The only difference between the trophy is the person standing behind it :wink:

By the way....here are the Pic's of both deer, sent to me by that young Lady. (Truly disabled~Hence the crossbow) 
(That small one is just what I set my sights on each year.....yummy good!)


----------



## Butternut




----------



## FallFever

WOW ! I've never seen a 2 headed Deer before. LOL !

Great shooting !

FF


----------



## Butternut

Another day...another deer


----------



## firemanbrown

At least you can hit em. You already know the story. The butternut does it's job now if I can only do mine. Great job Kris. Maybe I'll have you come to Michigan to show me how, LOL.:thumbs_up Dan.


----------



## Butternut

firemanbrown said:


> At least you can hit em. You already know the story. The butternut does it's job now if I can only do mine. Great job Kris. Maybe I'll have you come to Michigan to show me how, LOL.:thumbs_up Dan.
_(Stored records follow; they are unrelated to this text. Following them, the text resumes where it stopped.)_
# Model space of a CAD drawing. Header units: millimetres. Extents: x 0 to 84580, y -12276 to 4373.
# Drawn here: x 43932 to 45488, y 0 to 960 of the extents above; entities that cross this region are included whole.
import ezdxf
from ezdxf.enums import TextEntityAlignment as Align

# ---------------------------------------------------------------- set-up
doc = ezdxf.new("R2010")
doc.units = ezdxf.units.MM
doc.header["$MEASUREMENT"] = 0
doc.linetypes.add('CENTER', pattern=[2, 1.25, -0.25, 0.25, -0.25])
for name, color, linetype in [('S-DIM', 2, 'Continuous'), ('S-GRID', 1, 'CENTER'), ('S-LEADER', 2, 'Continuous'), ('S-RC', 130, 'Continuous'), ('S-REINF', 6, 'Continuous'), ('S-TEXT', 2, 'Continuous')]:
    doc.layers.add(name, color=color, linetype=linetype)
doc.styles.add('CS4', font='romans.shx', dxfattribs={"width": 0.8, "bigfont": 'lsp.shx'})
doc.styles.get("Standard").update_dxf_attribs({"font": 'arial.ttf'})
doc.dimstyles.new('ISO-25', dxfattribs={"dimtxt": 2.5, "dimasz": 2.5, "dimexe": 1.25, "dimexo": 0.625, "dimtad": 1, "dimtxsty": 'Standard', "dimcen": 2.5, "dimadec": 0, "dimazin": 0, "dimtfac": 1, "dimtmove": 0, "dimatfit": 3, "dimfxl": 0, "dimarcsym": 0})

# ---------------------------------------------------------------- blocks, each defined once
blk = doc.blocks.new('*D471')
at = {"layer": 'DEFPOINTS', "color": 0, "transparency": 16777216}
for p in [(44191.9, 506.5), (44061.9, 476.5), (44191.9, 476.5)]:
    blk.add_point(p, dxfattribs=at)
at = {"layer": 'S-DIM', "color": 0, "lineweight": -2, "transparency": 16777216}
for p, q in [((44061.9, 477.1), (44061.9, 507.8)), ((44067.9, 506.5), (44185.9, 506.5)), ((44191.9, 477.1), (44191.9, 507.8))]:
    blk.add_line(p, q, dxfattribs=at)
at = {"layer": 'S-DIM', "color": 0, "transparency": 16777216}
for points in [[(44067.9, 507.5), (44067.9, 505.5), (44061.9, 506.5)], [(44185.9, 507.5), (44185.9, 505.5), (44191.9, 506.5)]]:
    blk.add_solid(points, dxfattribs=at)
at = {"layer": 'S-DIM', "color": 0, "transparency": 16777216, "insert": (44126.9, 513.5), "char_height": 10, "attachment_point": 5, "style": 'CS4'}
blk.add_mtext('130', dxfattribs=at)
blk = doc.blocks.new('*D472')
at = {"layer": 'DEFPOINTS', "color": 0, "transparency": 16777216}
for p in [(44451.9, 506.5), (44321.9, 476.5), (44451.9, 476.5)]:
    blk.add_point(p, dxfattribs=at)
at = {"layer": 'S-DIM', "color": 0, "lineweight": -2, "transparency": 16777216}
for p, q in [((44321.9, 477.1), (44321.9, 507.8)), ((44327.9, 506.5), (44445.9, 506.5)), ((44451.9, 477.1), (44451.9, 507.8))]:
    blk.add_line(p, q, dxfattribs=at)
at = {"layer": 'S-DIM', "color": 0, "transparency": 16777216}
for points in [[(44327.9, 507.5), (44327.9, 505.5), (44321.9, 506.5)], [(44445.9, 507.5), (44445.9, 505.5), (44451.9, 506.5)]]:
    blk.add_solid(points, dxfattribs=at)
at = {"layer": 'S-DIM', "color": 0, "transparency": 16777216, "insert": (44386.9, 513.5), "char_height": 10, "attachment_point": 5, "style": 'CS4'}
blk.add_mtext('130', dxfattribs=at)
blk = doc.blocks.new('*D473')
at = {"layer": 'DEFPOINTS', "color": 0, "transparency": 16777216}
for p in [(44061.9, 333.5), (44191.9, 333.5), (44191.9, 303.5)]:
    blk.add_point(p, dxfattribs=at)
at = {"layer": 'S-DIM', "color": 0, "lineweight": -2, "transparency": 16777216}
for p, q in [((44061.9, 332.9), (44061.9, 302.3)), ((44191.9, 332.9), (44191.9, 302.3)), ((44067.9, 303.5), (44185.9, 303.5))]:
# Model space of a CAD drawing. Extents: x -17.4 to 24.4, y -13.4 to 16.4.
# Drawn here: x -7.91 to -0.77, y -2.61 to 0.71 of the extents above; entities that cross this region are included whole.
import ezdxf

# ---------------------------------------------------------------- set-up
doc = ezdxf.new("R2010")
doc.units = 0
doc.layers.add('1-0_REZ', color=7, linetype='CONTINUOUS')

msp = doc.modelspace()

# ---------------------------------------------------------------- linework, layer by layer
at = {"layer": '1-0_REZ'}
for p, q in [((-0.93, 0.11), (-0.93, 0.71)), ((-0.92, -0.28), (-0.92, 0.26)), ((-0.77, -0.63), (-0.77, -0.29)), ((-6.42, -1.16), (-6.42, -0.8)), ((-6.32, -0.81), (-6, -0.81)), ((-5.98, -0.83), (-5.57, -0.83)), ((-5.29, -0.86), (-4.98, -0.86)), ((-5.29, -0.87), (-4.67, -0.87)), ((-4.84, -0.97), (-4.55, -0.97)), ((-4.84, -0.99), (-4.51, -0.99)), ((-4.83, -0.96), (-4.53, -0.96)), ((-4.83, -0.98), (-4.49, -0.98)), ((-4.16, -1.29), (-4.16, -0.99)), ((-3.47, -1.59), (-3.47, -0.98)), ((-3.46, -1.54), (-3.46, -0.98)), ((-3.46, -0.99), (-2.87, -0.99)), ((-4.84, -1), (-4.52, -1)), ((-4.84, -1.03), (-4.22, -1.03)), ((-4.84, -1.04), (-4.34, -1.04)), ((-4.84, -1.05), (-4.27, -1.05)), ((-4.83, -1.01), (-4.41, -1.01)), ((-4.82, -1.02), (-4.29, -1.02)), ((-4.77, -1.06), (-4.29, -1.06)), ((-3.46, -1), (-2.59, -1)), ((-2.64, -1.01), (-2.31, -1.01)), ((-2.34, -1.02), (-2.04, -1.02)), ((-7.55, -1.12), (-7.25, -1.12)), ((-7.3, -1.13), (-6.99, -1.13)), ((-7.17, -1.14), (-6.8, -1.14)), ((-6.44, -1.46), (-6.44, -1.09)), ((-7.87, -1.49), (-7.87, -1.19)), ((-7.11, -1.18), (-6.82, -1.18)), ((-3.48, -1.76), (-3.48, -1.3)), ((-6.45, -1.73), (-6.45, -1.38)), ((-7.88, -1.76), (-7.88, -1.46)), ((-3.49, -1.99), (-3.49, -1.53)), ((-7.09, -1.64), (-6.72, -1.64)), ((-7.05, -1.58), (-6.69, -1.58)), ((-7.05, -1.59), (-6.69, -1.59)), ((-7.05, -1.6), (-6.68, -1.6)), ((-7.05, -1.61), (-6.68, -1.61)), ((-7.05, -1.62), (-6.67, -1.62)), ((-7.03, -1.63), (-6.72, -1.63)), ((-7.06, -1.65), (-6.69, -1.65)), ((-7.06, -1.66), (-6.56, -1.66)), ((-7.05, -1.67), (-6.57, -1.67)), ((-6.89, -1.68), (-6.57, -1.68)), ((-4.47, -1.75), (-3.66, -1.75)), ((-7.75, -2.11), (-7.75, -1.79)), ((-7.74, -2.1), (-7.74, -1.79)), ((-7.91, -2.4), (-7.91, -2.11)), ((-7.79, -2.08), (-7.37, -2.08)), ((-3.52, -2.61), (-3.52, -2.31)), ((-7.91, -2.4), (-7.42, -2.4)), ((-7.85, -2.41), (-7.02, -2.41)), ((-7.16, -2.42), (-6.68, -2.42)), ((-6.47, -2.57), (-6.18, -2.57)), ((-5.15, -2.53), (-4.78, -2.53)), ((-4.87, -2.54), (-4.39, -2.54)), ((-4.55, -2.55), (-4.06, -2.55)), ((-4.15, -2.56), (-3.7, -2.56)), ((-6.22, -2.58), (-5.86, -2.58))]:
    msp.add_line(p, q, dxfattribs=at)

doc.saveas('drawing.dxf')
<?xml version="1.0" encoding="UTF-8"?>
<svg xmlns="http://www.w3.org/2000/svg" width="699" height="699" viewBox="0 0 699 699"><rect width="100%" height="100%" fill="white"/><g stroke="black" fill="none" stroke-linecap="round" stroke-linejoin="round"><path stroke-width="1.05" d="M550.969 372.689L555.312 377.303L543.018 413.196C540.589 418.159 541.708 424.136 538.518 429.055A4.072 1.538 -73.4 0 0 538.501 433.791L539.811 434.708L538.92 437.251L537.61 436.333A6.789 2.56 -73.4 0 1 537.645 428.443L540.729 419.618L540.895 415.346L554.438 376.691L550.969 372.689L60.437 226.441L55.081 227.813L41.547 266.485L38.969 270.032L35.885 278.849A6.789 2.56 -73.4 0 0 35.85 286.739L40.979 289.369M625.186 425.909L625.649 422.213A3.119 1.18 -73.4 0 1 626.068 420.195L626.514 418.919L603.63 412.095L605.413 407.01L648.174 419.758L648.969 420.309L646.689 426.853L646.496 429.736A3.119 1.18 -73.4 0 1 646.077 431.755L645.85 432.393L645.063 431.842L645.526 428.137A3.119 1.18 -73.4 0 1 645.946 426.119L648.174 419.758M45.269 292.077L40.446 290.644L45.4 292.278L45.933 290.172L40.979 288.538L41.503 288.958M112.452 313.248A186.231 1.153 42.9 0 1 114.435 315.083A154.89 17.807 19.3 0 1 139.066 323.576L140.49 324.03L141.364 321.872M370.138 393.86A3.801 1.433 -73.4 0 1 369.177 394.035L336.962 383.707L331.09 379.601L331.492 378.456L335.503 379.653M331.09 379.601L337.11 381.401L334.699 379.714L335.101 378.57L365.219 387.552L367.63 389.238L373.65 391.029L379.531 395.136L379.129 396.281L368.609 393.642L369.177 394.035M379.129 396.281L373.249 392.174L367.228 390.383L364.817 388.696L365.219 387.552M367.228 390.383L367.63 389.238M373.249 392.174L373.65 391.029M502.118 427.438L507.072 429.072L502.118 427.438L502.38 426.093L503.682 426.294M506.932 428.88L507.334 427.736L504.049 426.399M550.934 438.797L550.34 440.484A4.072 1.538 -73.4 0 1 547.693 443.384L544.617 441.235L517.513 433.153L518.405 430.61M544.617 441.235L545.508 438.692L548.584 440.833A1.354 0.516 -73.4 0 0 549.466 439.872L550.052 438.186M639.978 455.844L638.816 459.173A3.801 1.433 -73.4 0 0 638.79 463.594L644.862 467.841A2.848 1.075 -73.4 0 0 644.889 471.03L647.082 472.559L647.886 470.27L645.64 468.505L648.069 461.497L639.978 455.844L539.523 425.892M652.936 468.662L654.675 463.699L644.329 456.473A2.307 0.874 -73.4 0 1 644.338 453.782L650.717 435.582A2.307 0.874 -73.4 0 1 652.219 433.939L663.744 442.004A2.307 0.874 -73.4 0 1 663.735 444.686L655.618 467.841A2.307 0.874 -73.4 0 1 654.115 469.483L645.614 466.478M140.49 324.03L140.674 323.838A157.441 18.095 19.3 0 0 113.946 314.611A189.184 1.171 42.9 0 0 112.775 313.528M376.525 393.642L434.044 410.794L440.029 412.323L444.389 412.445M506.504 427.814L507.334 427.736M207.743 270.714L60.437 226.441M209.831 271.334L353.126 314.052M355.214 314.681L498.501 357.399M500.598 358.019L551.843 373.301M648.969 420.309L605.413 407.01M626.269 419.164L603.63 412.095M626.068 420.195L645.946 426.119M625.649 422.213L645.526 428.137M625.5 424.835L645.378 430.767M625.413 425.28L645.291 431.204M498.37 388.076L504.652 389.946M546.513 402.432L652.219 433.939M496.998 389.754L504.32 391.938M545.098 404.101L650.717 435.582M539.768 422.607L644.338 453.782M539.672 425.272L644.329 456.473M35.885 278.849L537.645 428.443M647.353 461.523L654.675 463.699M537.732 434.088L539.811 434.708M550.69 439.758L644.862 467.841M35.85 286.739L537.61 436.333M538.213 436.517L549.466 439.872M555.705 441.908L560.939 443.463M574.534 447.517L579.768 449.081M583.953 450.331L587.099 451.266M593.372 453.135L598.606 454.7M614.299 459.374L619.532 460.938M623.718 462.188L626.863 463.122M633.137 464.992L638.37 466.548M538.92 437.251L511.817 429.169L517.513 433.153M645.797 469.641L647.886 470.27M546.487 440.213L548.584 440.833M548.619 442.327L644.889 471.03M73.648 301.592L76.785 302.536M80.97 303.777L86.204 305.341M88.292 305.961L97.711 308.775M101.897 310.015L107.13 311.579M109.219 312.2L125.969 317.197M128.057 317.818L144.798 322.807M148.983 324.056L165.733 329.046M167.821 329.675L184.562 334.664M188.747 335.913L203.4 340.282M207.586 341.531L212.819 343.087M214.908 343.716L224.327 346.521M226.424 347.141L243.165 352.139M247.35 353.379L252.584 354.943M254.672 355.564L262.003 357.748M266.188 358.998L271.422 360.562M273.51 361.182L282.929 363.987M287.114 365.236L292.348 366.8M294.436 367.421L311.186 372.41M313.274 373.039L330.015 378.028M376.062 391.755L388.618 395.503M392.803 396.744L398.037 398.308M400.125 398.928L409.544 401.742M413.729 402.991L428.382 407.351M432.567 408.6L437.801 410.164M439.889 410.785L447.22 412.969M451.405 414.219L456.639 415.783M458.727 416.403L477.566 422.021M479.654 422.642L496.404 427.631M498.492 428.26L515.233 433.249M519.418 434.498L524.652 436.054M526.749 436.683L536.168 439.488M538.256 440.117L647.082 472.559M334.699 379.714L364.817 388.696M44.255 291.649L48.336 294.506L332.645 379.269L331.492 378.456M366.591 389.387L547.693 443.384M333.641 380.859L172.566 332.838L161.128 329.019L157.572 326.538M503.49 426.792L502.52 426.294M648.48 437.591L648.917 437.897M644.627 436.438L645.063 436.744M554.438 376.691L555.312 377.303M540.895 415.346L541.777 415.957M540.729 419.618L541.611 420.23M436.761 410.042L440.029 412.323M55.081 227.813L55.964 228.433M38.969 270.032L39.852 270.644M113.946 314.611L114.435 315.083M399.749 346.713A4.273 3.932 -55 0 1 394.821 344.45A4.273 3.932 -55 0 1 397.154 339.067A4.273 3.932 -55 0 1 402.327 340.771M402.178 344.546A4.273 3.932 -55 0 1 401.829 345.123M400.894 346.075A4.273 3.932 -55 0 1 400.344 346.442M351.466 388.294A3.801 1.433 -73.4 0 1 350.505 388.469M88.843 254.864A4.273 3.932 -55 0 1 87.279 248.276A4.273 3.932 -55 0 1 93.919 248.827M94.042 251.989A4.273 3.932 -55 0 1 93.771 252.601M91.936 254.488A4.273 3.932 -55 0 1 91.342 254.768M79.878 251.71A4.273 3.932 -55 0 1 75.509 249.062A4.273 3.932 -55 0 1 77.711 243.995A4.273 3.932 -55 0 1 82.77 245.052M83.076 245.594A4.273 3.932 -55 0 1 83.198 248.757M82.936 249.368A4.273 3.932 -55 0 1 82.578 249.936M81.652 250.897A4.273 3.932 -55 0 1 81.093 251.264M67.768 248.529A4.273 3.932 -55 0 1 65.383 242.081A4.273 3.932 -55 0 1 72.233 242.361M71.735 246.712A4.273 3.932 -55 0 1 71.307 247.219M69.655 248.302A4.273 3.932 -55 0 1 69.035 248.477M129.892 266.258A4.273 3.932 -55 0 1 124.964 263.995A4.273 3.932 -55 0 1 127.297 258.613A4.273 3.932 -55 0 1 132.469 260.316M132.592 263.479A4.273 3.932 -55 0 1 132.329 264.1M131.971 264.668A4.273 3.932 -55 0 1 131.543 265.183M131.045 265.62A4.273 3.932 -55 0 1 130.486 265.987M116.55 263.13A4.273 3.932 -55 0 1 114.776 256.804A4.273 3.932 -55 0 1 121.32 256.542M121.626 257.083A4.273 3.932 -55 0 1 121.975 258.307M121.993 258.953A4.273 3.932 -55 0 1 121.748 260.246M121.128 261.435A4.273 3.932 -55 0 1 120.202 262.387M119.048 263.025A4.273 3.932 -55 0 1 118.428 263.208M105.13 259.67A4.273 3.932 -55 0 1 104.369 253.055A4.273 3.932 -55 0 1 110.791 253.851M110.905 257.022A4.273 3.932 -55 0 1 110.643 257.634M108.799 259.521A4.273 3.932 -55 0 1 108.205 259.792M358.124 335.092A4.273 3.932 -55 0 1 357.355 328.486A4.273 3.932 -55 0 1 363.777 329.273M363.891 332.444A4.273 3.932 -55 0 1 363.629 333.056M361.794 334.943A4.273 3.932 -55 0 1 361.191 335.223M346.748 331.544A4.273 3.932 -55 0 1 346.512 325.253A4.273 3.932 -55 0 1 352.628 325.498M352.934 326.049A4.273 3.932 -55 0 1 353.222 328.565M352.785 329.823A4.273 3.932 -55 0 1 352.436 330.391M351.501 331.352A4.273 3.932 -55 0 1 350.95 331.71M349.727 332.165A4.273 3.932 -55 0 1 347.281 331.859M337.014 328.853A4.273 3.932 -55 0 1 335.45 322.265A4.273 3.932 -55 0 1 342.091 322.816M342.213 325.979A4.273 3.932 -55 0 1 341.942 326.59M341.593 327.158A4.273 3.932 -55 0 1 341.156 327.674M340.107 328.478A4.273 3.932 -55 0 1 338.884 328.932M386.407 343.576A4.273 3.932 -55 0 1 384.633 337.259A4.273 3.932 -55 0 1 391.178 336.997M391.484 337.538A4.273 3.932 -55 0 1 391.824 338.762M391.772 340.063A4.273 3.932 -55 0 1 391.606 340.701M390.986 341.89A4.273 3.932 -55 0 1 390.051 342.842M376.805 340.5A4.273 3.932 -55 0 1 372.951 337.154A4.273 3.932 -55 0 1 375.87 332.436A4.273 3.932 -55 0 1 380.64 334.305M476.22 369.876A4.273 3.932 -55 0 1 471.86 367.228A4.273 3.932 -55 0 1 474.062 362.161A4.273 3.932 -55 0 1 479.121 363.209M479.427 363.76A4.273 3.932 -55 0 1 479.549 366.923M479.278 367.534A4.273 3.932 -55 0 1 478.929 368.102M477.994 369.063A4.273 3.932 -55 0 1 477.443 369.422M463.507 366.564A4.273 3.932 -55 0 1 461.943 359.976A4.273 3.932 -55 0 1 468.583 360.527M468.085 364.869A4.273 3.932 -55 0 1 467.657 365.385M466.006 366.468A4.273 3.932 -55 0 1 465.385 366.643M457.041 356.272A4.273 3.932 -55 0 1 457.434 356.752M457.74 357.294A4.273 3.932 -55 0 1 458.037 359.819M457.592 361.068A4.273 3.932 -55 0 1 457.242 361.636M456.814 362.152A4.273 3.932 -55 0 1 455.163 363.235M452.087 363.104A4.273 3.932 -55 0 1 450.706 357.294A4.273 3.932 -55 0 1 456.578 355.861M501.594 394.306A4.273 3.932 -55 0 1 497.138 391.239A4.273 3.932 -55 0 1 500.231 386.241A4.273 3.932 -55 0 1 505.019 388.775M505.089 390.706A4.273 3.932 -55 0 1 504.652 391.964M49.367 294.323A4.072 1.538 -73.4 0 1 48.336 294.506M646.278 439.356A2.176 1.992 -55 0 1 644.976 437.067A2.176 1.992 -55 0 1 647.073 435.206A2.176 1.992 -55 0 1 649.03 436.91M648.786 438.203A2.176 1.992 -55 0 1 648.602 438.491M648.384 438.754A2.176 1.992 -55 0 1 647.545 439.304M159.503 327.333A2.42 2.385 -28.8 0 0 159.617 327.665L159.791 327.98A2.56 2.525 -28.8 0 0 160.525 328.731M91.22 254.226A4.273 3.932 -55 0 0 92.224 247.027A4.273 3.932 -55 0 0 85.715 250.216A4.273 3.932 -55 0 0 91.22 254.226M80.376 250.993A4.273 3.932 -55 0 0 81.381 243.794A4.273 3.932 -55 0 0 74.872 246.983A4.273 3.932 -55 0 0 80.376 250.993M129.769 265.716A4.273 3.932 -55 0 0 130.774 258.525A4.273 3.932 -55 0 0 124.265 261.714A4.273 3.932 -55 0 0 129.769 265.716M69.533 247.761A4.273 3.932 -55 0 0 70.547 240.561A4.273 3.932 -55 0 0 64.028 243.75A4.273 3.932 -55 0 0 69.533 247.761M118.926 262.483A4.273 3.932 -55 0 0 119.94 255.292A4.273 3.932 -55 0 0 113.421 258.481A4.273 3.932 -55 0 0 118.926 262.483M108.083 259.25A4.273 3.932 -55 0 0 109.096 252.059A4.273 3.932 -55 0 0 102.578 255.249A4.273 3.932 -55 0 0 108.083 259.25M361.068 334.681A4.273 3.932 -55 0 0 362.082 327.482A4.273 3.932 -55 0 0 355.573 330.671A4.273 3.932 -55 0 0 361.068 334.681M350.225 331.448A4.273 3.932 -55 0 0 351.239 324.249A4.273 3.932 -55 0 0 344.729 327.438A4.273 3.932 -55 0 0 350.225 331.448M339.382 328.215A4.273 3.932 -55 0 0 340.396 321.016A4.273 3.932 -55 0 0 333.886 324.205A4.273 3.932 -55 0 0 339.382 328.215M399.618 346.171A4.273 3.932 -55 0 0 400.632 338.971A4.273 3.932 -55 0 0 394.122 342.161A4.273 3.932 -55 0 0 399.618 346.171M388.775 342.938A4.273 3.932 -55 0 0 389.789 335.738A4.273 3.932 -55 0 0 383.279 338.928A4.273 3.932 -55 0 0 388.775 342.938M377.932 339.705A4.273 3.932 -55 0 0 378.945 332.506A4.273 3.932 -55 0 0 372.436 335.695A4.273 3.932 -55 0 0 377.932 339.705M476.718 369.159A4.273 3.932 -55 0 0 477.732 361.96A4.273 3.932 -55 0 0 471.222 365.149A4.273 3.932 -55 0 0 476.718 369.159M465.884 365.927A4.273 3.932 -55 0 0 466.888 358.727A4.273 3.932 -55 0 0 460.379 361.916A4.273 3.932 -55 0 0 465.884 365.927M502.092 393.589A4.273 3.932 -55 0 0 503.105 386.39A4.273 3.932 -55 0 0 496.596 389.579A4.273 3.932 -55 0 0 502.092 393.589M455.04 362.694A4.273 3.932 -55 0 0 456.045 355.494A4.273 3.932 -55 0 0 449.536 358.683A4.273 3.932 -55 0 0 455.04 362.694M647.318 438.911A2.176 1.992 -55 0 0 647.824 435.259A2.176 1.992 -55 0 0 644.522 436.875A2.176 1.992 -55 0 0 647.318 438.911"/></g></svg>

Shooting out of a blind can be tricky with the recurve.
If you have the opportunity to pick up a Bear 48 Mag...thats the way to go IMO.
You'll have something up here soon enough...I am sure :thumbs_up


----------



## firemanbrown

Guess I'll have to break out the old Kodiak Magnum that should work:wink:


----------



## michiganchad

I just purchased a field pack from your web site so I hope for good things to come. I am going to be using it in the southern and northern part of Michigan so we will see if it works all across the state.:thumbs_up


----------



## Butternut

michiganchad said:


> I just purchased a field pack from your web site so I hope for good things to come. I am going to be using it in the southern and northern part of Michigan so we will see if it works all across the state.:thumbs_up


Thanks and good luck.
Be sure and read all the information on the site under usage.
Make sure and get a picture for the contest :thumbs_up


----------



## michiganchad

Will do,:thumbs_upI hope for good things.


----------



## T.Wallace

michiganchad said:


> I just purchased a field pack from your web site so I hope for good things to come. I am going to be using it in the southern and northern part of Michigan so we will see if it works all across the state.:thumbs_up




You wont be disappointed and as Butternut stated read the instructions and you can’t go wrong.
I will be looking for your picture after you take your deer with our lure.


----------



## Butternut




----------



## FallFever

Holy smokes Kris !!!! How many deer have you taken so far this year with the Butternut ? Way to go !!!

FF


----------



## Butternut

FallFever said:


> Holy smokes Kris !!!! How many deer have you taken so far this year with the Butternut ? Way to go !!!
> 
> FF


Just 5...but I have only been out four days so far.
One day was awful....hard rain and cool....not ideal conditions for Butternut or deer hunting in general :thumbs_do


----------



## T.Wallace

Congrats Butternut on the double number 2.
So far two doubles by you and a triple by myself you have to love this stuff I do.


----------



## Butternut

Thanks T.W. :darkbeer:


----------



## Butternut




----------



## Butternut

*2 Deer in 2 Days *







This Canadian is on a roll


----------



## FallFever

Nice doe's, both of them are horses.

Nov. 5th will be my first chance in the woods this year. It can't come fast enough, Butternut and Bow here I come.

FF


----------



## Butternut

Tomorrow and Monday, I will be testing the new enhanced feed blend Lure with a new hunter, in a new area.
This Lure will carry the same enzyme but will (hopefully) have a more calming effect on the deer.
This will be the Late season special Blend which will be offered 2010.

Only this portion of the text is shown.